-- What is being asked --
Give back exactly the lines from the start of the entries below to the line holding "Density: 1.13 g/cm^3", that line included, and leave every picture out.

Dataset excerpts:
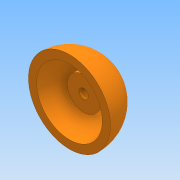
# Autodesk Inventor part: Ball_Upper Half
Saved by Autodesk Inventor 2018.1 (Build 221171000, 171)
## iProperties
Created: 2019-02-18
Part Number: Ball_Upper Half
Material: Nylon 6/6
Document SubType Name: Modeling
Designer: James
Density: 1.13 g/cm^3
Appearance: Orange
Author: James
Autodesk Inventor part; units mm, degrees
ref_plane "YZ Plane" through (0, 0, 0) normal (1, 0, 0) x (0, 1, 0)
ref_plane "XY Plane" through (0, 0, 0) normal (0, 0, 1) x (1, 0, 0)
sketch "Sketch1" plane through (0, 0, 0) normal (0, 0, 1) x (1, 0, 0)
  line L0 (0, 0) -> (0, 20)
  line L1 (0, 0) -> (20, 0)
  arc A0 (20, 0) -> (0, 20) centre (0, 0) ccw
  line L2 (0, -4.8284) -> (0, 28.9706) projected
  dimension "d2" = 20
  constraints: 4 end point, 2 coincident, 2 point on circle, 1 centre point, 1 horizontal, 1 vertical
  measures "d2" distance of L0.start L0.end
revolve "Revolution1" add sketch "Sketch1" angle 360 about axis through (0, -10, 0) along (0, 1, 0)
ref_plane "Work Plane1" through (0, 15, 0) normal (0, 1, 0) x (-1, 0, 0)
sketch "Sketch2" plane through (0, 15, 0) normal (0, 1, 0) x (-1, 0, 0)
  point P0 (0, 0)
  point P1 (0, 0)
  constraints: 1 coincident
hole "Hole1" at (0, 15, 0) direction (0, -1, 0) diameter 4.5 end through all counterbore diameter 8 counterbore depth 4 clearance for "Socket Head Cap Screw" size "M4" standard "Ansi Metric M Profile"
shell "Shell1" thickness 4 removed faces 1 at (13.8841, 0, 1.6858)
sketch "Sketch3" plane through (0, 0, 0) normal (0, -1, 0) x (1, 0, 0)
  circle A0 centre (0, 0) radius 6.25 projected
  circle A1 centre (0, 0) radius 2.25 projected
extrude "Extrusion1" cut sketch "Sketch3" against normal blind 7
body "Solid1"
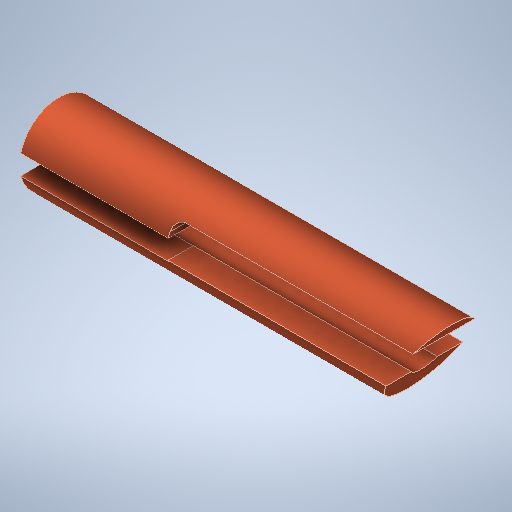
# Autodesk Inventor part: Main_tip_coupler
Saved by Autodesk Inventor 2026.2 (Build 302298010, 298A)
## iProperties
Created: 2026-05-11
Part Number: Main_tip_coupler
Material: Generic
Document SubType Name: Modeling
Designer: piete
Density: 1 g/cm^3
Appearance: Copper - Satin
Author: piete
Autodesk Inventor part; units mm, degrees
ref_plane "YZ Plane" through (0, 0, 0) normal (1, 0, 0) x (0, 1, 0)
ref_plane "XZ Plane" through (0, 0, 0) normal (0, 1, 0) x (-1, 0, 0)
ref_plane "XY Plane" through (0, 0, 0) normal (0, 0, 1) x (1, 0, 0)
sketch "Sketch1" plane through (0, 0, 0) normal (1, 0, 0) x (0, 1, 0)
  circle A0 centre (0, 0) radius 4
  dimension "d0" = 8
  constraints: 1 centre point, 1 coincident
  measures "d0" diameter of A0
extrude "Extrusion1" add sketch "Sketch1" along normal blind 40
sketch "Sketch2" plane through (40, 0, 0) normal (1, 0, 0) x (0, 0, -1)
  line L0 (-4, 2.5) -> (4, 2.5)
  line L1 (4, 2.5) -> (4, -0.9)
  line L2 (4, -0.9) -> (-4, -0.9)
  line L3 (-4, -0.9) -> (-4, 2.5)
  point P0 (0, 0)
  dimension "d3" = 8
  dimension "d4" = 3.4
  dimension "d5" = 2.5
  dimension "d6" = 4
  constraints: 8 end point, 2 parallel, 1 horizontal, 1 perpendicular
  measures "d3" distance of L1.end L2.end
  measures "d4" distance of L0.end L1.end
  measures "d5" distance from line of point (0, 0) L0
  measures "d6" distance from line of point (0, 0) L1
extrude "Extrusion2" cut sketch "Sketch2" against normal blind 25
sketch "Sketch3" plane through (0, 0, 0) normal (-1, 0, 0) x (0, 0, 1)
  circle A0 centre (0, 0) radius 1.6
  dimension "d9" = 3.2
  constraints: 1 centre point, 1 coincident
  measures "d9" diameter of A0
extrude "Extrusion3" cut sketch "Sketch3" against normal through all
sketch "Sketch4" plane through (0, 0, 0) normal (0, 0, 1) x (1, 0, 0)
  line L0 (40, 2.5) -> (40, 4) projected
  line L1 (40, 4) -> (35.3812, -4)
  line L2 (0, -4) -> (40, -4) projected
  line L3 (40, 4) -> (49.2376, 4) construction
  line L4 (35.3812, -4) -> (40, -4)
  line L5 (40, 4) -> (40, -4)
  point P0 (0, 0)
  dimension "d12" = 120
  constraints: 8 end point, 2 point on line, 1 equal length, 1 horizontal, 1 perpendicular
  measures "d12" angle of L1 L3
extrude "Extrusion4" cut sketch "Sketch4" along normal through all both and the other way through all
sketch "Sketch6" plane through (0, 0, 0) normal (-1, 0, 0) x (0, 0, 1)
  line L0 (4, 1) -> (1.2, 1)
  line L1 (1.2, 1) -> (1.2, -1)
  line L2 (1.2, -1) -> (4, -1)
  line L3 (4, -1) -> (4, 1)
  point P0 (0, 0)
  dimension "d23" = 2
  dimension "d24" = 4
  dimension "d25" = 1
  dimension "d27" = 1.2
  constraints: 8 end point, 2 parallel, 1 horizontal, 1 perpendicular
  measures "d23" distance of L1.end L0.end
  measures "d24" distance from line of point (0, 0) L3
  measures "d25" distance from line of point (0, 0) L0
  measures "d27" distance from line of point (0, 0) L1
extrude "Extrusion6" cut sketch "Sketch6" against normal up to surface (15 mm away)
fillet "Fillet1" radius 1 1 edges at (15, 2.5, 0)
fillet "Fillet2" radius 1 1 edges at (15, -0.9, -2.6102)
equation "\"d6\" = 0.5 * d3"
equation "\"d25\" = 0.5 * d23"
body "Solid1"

-- Result of the exercise --
# Autodesk Inventor part: Ball_Upper Half
Saved by Autodesk Inventor 2018.1 (Build 221171000, 171)
## iProperties
Created: 2019-02-18
Part Number: Ball_Upper Half
Material: Nylon 6/6
Document SubType Name: Modeling
Designer: James
Density: 1.13 g/cm^3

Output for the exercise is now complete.